◆ **Your assignment**
An exact reproduction of the lines from the one with "# Sketch8 → Cut-Extrude6 (cut)" to the end of the data below is required. No other lines may be included.

[[ Records for this exercise, beginning ]]

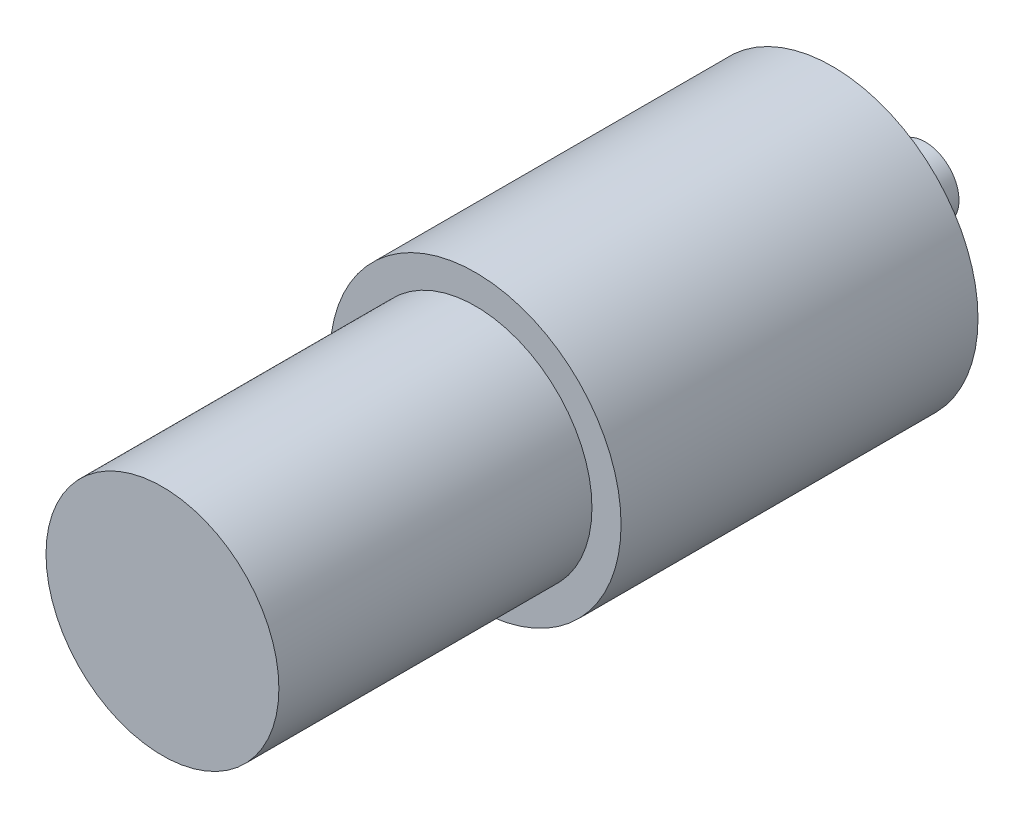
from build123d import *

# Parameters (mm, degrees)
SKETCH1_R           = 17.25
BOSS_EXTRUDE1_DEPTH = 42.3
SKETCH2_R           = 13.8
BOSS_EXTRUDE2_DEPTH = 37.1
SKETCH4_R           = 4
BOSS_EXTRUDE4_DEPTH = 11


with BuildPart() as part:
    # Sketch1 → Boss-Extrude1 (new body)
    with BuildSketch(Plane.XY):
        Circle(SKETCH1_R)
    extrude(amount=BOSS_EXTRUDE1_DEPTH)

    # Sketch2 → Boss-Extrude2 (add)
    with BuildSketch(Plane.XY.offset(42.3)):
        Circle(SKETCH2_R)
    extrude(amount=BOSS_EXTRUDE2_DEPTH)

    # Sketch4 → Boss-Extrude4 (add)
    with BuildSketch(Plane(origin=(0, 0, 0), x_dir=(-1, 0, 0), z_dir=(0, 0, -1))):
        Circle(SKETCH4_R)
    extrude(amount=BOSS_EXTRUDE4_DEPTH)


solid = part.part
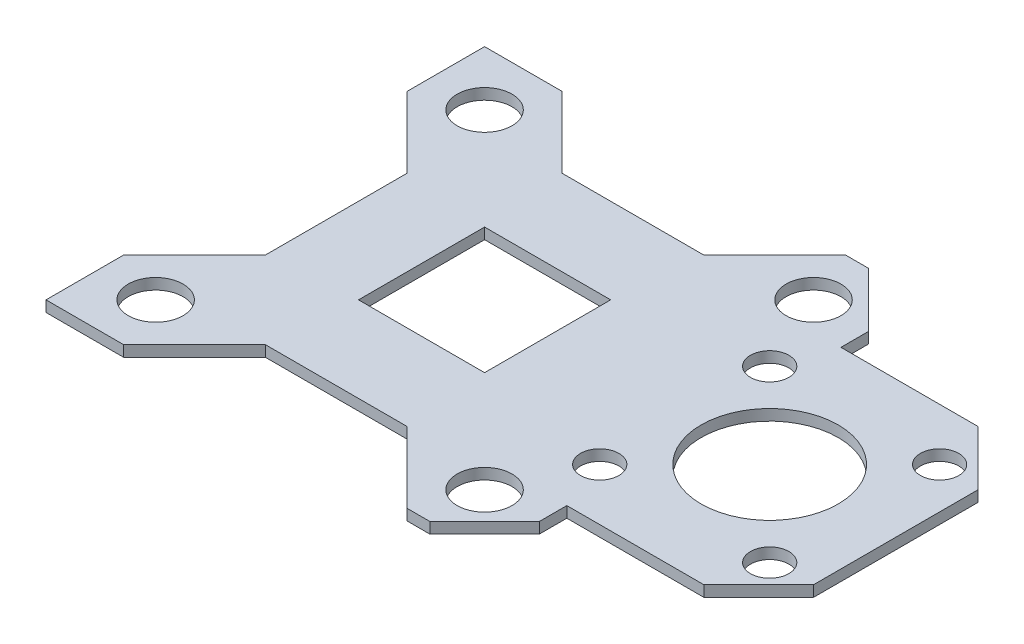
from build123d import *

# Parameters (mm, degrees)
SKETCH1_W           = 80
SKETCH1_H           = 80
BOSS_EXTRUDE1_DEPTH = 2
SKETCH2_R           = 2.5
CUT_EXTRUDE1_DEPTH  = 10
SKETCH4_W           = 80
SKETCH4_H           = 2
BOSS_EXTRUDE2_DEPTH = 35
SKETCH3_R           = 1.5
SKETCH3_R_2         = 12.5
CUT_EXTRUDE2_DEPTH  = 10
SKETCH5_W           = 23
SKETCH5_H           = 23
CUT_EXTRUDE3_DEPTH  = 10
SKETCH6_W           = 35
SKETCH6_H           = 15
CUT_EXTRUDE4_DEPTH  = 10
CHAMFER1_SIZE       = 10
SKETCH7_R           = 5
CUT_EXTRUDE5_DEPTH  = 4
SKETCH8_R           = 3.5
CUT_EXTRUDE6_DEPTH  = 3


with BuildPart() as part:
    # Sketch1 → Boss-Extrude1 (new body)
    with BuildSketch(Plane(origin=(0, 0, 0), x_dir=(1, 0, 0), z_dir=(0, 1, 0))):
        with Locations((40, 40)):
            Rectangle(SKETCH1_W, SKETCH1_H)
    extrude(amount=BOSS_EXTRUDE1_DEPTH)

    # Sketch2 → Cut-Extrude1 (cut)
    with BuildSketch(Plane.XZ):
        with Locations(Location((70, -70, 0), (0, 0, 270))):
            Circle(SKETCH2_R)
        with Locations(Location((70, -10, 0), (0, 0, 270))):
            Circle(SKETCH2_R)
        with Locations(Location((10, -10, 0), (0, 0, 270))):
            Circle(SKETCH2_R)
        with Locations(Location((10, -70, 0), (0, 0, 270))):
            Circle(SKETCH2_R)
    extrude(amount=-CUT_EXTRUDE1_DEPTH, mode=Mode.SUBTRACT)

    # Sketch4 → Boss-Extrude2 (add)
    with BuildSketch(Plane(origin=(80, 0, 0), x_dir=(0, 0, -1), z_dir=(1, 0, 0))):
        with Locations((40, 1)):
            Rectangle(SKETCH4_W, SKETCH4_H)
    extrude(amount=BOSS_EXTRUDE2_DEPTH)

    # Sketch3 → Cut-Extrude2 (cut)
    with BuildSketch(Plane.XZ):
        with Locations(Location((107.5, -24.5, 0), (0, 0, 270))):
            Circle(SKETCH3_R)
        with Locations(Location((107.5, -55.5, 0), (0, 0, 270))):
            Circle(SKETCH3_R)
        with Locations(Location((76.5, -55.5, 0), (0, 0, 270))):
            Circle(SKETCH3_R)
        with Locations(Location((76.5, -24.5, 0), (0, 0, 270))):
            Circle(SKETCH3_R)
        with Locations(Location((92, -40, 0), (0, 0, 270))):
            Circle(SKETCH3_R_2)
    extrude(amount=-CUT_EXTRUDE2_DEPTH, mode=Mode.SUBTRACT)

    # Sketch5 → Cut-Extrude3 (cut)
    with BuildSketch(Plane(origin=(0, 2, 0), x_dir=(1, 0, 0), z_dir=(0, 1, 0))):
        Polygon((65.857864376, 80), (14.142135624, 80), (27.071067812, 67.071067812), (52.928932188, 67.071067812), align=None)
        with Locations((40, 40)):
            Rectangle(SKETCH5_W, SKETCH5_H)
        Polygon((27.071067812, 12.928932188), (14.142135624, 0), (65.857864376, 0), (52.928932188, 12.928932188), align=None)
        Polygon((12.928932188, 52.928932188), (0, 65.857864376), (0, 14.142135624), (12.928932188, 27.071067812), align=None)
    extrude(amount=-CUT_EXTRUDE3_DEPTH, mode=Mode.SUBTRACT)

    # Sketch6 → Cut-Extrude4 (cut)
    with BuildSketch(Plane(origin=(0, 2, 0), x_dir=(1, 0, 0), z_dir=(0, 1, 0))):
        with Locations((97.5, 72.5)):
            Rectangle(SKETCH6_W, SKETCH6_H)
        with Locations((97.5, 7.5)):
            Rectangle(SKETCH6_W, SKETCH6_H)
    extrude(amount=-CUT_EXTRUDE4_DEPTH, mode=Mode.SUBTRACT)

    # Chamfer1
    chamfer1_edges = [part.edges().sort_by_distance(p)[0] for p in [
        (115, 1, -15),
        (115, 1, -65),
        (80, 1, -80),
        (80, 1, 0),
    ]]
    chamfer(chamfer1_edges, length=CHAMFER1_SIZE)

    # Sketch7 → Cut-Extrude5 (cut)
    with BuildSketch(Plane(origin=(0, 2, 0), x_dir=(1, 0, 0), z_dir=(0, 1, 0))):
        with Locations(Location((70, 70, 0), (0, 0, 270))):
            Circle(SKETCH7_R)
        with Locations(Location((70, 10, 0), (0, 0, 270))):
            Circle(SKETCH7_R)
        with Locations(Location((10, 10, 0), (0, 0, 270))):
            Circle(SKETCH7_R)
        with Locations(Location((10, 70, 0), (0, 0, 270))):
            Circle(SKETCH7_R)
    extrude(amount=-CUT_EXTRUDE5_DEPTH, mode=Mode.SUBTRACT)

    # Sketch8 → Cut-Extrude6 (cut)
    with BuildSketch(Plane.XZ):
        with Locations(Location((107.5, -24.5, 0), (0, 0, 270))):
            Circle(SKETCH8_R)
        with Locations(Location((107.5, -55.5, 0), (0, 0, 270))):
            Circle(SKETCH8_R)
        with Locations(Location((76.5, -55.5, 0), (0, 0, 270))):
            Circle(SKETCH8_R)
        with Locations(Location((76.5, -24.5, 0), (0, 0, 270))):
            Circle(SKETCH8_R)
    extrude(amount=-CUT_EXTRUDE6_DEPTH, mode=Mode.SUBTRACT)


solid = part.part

[[ Records for this exercise, end ]]

◆ **Your solution**
    # Sketch8 → Cut-Extrude6 (cut)
    with BuildSketch(Plane.XZ):
        with Locations(Location((107.5, -24.5, 0), (0, 0, 270))):
            Circle(SKETCH8_R)
        with Locations(Location((107.5, -55.5, 0), (0, 0, 270))):
            Circle(SKETCH8_R)
        with Locations(Location((76.5, -55.5, 0), (0, 0, 270))):
            Circle(SKETCH8_R)
        with Locations(Location((76.5, -24.5, 0), (0, 0, 270))):
            Circle(SKETCH8_R)
    extrude(amount=-CUT_EXTRUDE6_DEPTH, mode=Mode.SUBTRACT)


solid = part.part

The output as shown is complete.